(ULTIMOUOMO.COM di Libertino Alaimo – Foto VESUVIOLIVE)
Ultimo Uomo racconta la storia del tifo in Italia. Di seguito un estratto.
[…] Tra il 1928 e il 1942, ben 425.174 persone emigrarono dal Mezzogiorno verso i poli industriali del Nord Italia, cercando un avanzamento sociale ed economico impossibile nei comuni di residenza, e il concetto originale di identità territoriale ed esclusiva cominciò ad entrare in crisi. Il tifo per la squadra della città ospitante fu lo sbocco ideale del percorso di accettazione che questi nuovi cittadini dovettero intraprendere per integrarsi. […] Prima le milanesi Inter e Milan, in seguito la Juventus, che legò le sue grandi vittorie al periodo del boom economico degli anni Sessanta, quando emigrarono al Nord circa 800.000 persone ogni anno, in molti per lavorare negli stabilimenti FIAT.
[…] Le gloriose vittorie dei club del Nord fecero da cuscino psicologico di autostima, e resero meno amaro lo sradicamento e la dispersione, creando un fortissimo collante sociale che nessun altro fenomeno, tranne forse la televisione, è riuscito a eguagliare. Lo storico Giovanni De Luna, autore di Juventus. Storia di una passione italiana, in un’intervista a Radio Radicale pone l’accento proprio sulla funzione aggregante del tifo per le grandi: «La Juve intercettò esattamente quel tipo di dimensione, non so fino a che punto consapevolmente.

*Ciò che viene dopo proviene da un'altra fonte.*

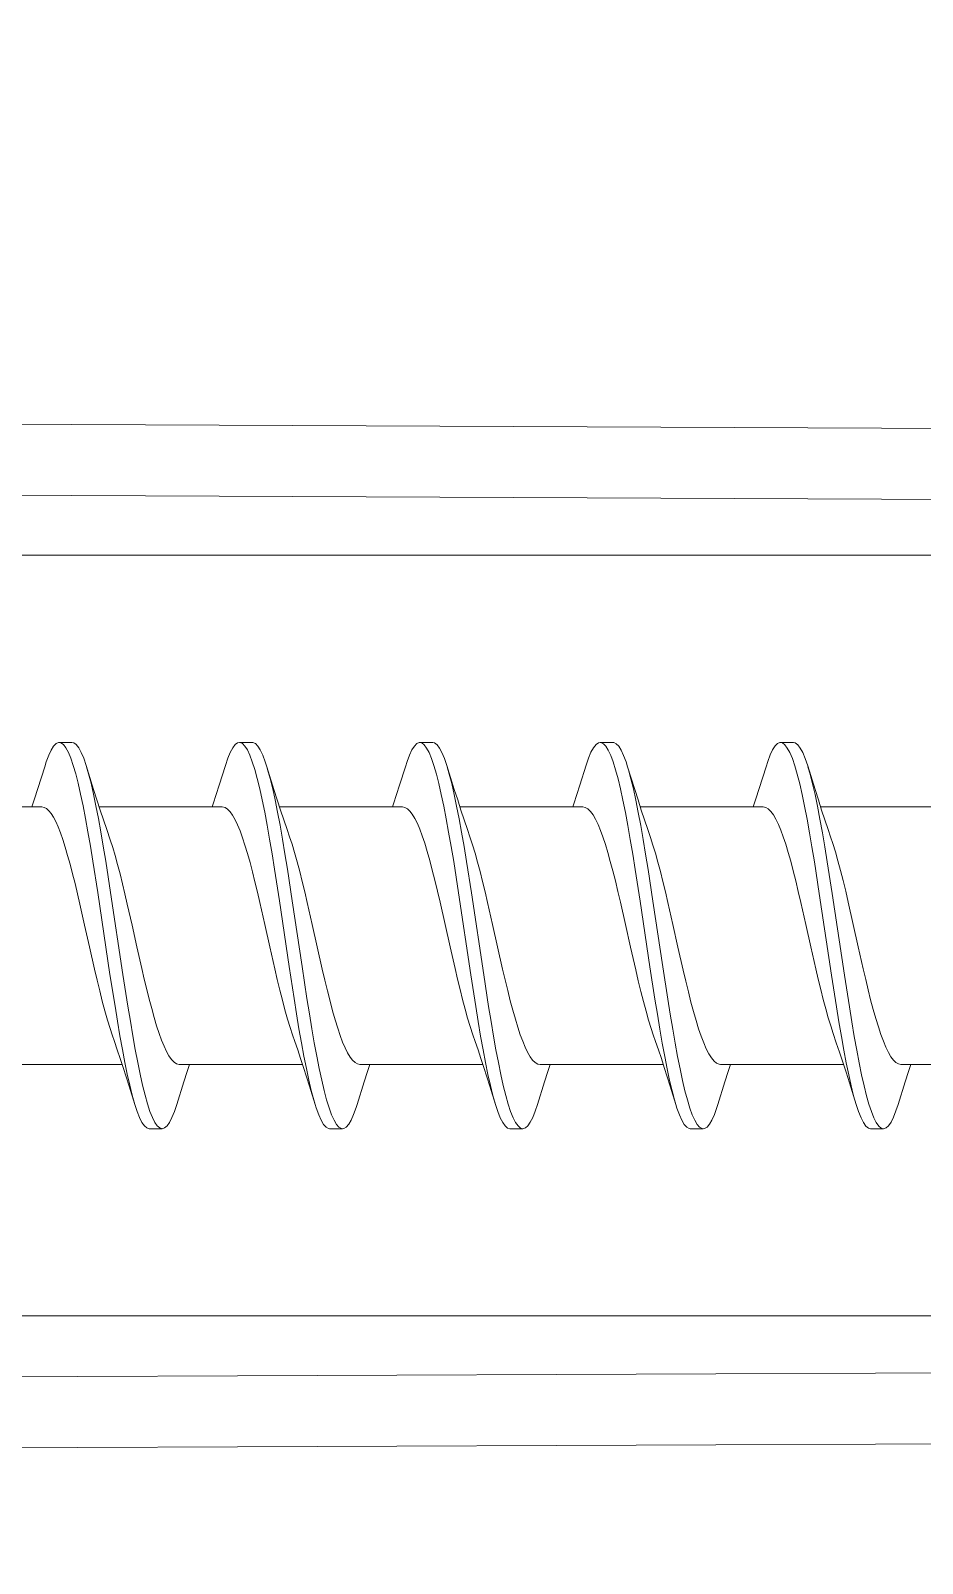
# Model space of a CAD drawing. Header units: millimetres. Extents: x -853320 to 19484, y -510814 to 9708.
# Drawn here: x 14095.92 to 14102.84, y 7480.94 to 7492.85 of the extents above; entities that cross this region are included whole.
import ezdxf

# ---------------------------------------------------------------- set-up
doc = ezdxf.new("R2010")
doc.units = ezdxf.units.MM
for name, color, linetype, lineweight in [('F_DIBOND_soffitto_cassone', 7, 'Continuous', 5), ('F_ELETTRICO', 22, 'Continuous', 5), ('F_IMPIANTO IDRAULICO', 7, 'Continuous', 5), ('F_TUBOLARE sez.40x40', 7, 'Continuous', 5)]:
    doc.layers.add(name, color=color, linetype=linetype, lineweight=lineweight)

# ---------------------------------------------------------------- blocks, each defined once
blk = doc.blocks.new('SCATOLA INCASSO_1 P_sezione e pianta')
at = {"layer": 'F_ELETTRICO'}
for p, q in [((55461.486, -13680.195), (55437.364, -13680.087)), ((55461.477, -13680.747), (55437.364, -13680.639)), ((55462.472, -13681.173), (55437.364, -13681.173)), ((55452.751, -13682.628), (55452.651, -13682.628)), ((55452.751, -13682.628), (55452.765, -13682.631)), ((55454.151, -13682.628), (55454.051, -13682.628)), ((55455.551, -13682.628), (55455.451, -13682.628)), ((55456.951, -13682.628), (55456.851, -13682.628)), ((55458.351, -13682.628), (55458.251, -13682.628)), ((55452.704, -13682.669), (55452.723, -13682.704)), ((55452.723, -13682.704), (55452.742, -13682.749)), ((55452.742, -13682.749), (55452.761, -13682.805)), ((55452.804, -13682.669), (55452.823, -13682.704)), ((55454.132, -13682.726), (55454.151, -13682.777)), ((55455.523, -13682.705), (55455.542, -13682.751)), ((55456.933, -13682.727), (55456.952, -13682.778)), ((55458.324, -13682.706), (55458.343, -13682.752)), ((55452.919, -13682.992), (55452.861, -13682.805)), ((55453.942, -13682.805), (55453.894, -13682.959)), ((55454.319, -13682.992), (55454.264, -13682.816)), ((55455.339, -13682.816), (55455.294, -13682.959)), ((55455.719, -13682.992), (55455.661, -13682.806)), ((55456.742, -13682.804), (55456.694, -13682.959)), ((55457.119, -13682.992), (55457.064, -13682.816)), ((55458.519, -13682.992), (55458.462, -13682.808)), ((55451.562, -13683.128), (55452.517, -13683.128)), ((55452.962, -13683.128), (55453.917, -13683.128)), ((55454.362, -13683.128), (55455.317, -13683.128)), ((55455.762, -13683.128), (55456.717, -13683.128)), ((55457.162, -13683.128), (55458.117, -13683.128)), ((55458.562, -13683.128), (55459.517, -13683.128)), ((55452.913, -13683.549), (55452.951, -13683.793)), ((55453.013, -13683.549), (55453.051, -13683.793)), ((55454.323, -13683.61), (55454.361, -13683.858)), ((55454.423, -13683.61), (55454.461, -13683.858)), ((55455.714, -13683.552), (55455.752, -13683.796)), ((55455.814, -13683.552), (55455.852, -13683.796)), ((55458.514, -13683.555), (55458.552, -13683.8)), ((55458.614, -13683.555), (55458.652, -13683.8)), ((55457.123, -13683.614), (55457.161, -13683.861)), ((55457.223, -13683.614), (55457.261, -13683.861)), ((55452.951, -13683.793), (55453.046, -13684.43)), ((55453.051, -13683.793), (55453.146, -13684.43)), ((55455.752, -13683.796), (55455.847, -13684.433)), ((55455.852, -13683.796), (55455.947, -13684.433)), ((55458.552, -13683.8), (55458.647, -13684.436)), ((55458.652, -13683.8), (55458.747, -13684.436)), ((55454.21, -13683.871), (55454.248, -13684.041)), ((55454.361, -13683.858), (55454.437, -13684.368)), ((55454.461, -13683.858), (55454.537, -13684.368)), ((55455.609, -13683.867), (55455.648, -13684.041)), ((55457.161, -13683.861), (55457.238, -13684.371)), ((55457.261, -13683.861), (55457.338, -13684.371)), ((55458.409, -13683.869), (55458.448, -13684.041)), ((55458.816, -13684.041), (55458.777, -13683.868)), ((55452.887, -13684.215), (55452.926, -13684.388)), ((55453.293, -13684.383), (55453.254, -13684.214)), ((55454.694, -13684.389), (55454.655, -13684.215)), ((55456.094, -13684.388), (55456.055, -13684.215)), ((55457.087, -13684.217), (55457.127, -13684.393)), ((55457.495, -13684.395), (55457.455, -13684.217)), ((55453.046, -13684.43), (55453.085, -13684.675)), ((55453.146, -13684.43), (55453.185, -13684.675)), ((55454.437, -13684.368), (55454.475, -13684.617)), ((55454.537, -13684.368), (55454.575, -13684.617)), ((55455.847, -13684.433), (55455.885, -13684.678)), ((55455.947, -13684.433), (55455.985, -13684.678)), ((55457.238, -13684.371), (55457.276, -13684.62)), ((55457.338, -13684.371), (55457.376, -13684.62)), ((55458.647, -13684.436), (55458.686, -13684.681)), ((55458.747, -13684.436), (55458.786, -13684.681)), ((55452.185, -13685.128), (55453.14, -13685.128)), ((55453.148, -13685.152), (55453.194, -13685.296)), ((55453.585, -13685.128), (55454.54, -13685.128)), ((55454.548, -13685.152), (55454.594, -13685.296)), ((55454.985, -13685.128), (55455.94, -13685.128)), ((55455.948, -13685.152), (55455.994, -13685.296)), ((55456.385, -13685.128), (55457.34, -13685.128)), ((55457.348, -13685.152), (55457.394, -13685.296)), ((55457.785, -13685.128), (55458.74, -13685.128)), ((55459.185, -13685.128), (55460.14, -13685.128)), ((55458.786, -13685.27), (55458.839, -13685.44)), ((55453.194, -13685.296), (55453.239, -13685.44)), ((55454.594, -13685.296), (55454.639, -13685.44)), ((55455.994, -13685.296), (55456.039, -13685.44)), ((55457.394, -13685.296), (55457.439, -13685.44)), ((55453.356, -13685.493), (55453.375, -13685.541)), ((55454.747, -13685.466), (55454.766, -13685.519)), ((55456.156, -13685.494), (55456.176, -13685.542)), ((55457.547, -13685.467), (55457.566, -13685.52)), ((55458.957, -13685.495), (55458.976, -13685.543)), ((55453.351, -13685.628), (55453.451, -13685.628)), ((55454.751, -13685.628), (55454.851, -13685.628)), ((55456.151, -13685.628), (55456.251, -13685.628)), ((55457.551, -13685.628), (55457.651, -13685.628)), ((55458.951, -13685.628), (55459.051, -13685.628)), ((55468.094, -13687.082), (55437.364, -13687.082)), ((55437.364, -13687.617), (55468.094, -13687.489)), ((55437.364, -13688.169), (55468.094, -13688.041))]:
    blk.add_line(p, q, dxfattribs=at)
for points in [[(55452.539, -13682.816), (55452.551, -13682.777), (55452.57, -13682.726), (55452.589, -13682.686), (55452.608, -13682.656), (55452.627, -13682.636), (55452.646, -13682.628), (55452.651, -13682.628)], [(55452.651, -13682.628), (55452.665, -13682.631), (55452.684, -13682.644), (55452.704, -13682.669)], [(55452.765, -13682.631), (55452.784, -13682.644), (55452.804, -13682.669)], [(55453.942, -13682.805), (55453.961, -13682.75), (55453.98, -13682.704), (55453.999, -13682.669), (55454.018, -13682.644), (55454.037, -13682.631), (55454.051, -13682.628)], [(55454.051, -13682.628), (55454.056, -13682.628), (55454.075, -13682.636), (55454.094, -13682.656), (55454.113, -13682.685), (55454.132, -13682.726)], [(55454.151, -13682.628), (55454.156, -13682.628), (55454.175, -13682.636), (55454.194, -13682.656), (55454.213, -13682.685), (55454.232, -13682.726), (55454.251, -13682.777), (55454.264, -13682.816)], [(55455.339, -13682.816), (55455.352, -13682.775), (55455.371, -13682.725), (55455.39, -13682.685), (55455.409, -13682.655), (55455.428, -13682.636), (55455.447, -13682.628), (55455.451, -13682.628)], [(55455.451, -13682.628), (55455.466, -13682.631), (55455.485, -13682.645), (55455.504, -13682.67), (55455.523, -13682.705)], [(55455.551, -13682.628), (55455.566, -13682.631), (55455.585, -13682.645), (55455.604, -13682.67), (55455.623, -13682.705), (55455.642, -13682.751), (55455.661, -13682.806)], [(55456.742, -13682.804), (55456.761, -13682.748), (55456.78, -13682.703), (55456.799, -13682.668), (55456.819, -13682.644), (55456.838, -13682.631), (55456.851, -13682.628)], [(55456.851, -13682.628), (55456.857, -13682.628), (55456.876, -13682.637), (55456.895, -13682.656), (55456.914, -13682.686), (55456.933, -13682.727)], [(55456.951, -13682.628), (55456.957, -13682.628), (55456.976, -13682.637), (55456.995, -13682.656), (55457.014, -13682.686), (55457.033, -13682.727), (55457.052, -13682.778), (55457.064, -13682.816)], [(55458.139, -13682.816), (55458.152, -13682.774), (55458.171, -13682.724), (55458.19, -13682.684), (55458.209, -13682.654), (55458.228, -13682.636), (55458.247, -13682.628), (55458.251, -13682.628)], [(55458.251, -13682.628), (55458.266, -13682.631), (55458.285, -13682.645), (55458.304, -13682.67), (55458.324, -13682.706)], [(55458.351, -13682.628), (55458.366, -13682.631), (55458.385, -13682.645), (55458.404, -13682.67), (55458.424, -13682.706), (55458.443, -13682.752), (55458.462, -13682.808)], [(55452.823, -13682.704), (55452.842, -13682.749), (55452.861, -13682.805)], [(55454.151, -13682.777), (55454.17, -13682.837), (55454.189, -13682.907), (55454.209, -13682.986), (55454.228, -13683.073), (55454.247, -13683.168)], [(55455.542, -13682.751), (55455.561, -13682.806), (55455.58, -13682.872), (55455.599, -13682.947), (55455.618, -13683.03), (55455.637, -13683.121)], [(55458.343, -13682.752), (55458.362, -13682.808), (55458.381, -13682.874), (55458.4, -13682.949), (55458.419, -13683.032), (55458.438, -13683.123)], [(55452.539, -13682.816), (55452.486, -13682.985), (55452.46, -13683.066), (55452.44, -13683.128)], [(55452.761, -13682.805), (55452.78, -13682.87), (55452.799, -13682.944), (55452.818, -13683.028), (55452.837, -13683.119), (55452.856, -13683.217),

È evidente che l’operaio di Mirafiori si rispecchia nella Juve con molta più facilità, rivedendosi in una comunità, quella del meridione che riempie i quartieri popolari di Torino». La prima squadra a captare questo cambio di paradigma fu appunto la Juventus che, tra il 1966 e il 1968, costruì con grande lungimiranza un rapporto di affiliazione unico con i propri tifosi meridionali. Da qui la strategia di acquistare spesso calciatori provenienti da diverse zone del Meridione –Anastasi, Cuccureddu, Furino, Causio- e formando un bacino di affezione che passava dai giocatori e che si finirà per rafforzarsi con i cinque scudetti degli anni Settanta. In particolare, l’acquisto del siciliano Pietro Anastasi, nel 1968, giunse in un momento difficile di proteste degli operai della Fiat Mirafiori, quasi a sancire un patto tra l’allora presidente Gianni Agnelli e i propri lavoratori meridionali, che in quegli anni affollavano i quartieri periferici di Torino.
[…] L’eredità di quel bacino di tifo meridionale, per la Juventus, arriva fino al 1996. Il 5 febbraio di quell’anno si gioca la finale di Supercoppa UEFA tra Paris Saint Germain e Juventus. Dopo il pesante 1-6 dell’andata a favore della Juve, la dirigenza bianconera, forse temendo il vuoto del Delle Alpi in una partita di poco valore, decide di spostare il ritorno a Palermo, in omaggio ai tantissimi tifosi siciliani di fede bianconera. È un successo: a rivedere le immagini della partita sembra di assistere a una partita di Coppa Libertadores, con gente in visibilio e tifo caldissimo. Il vecchio La Favorita è colmo fino all’orlo dei suoi 35.000 spettatori.
[…] Tra le squadre del Sud, solo il Napoli riesce ad avere un appeal di dimensioni considerevoli, rapportato comunque a una città metropolitana che conta oltre tre milioni di abitanti.
[…] E parlando del Meridione, non c’è mai stata una vera e propria “squadra del Sud” che potesse, in modo continuativo, creare una tradizione vincente capace di attirare le simpatie di quella parte del Paese. In mancanza di una società degna di rappresentare l’identità culturale e territoriale, si è preferito seguire tradizioni familiari rassicuranti, e club che sapessero dare un senso di competizione a livello nazionale.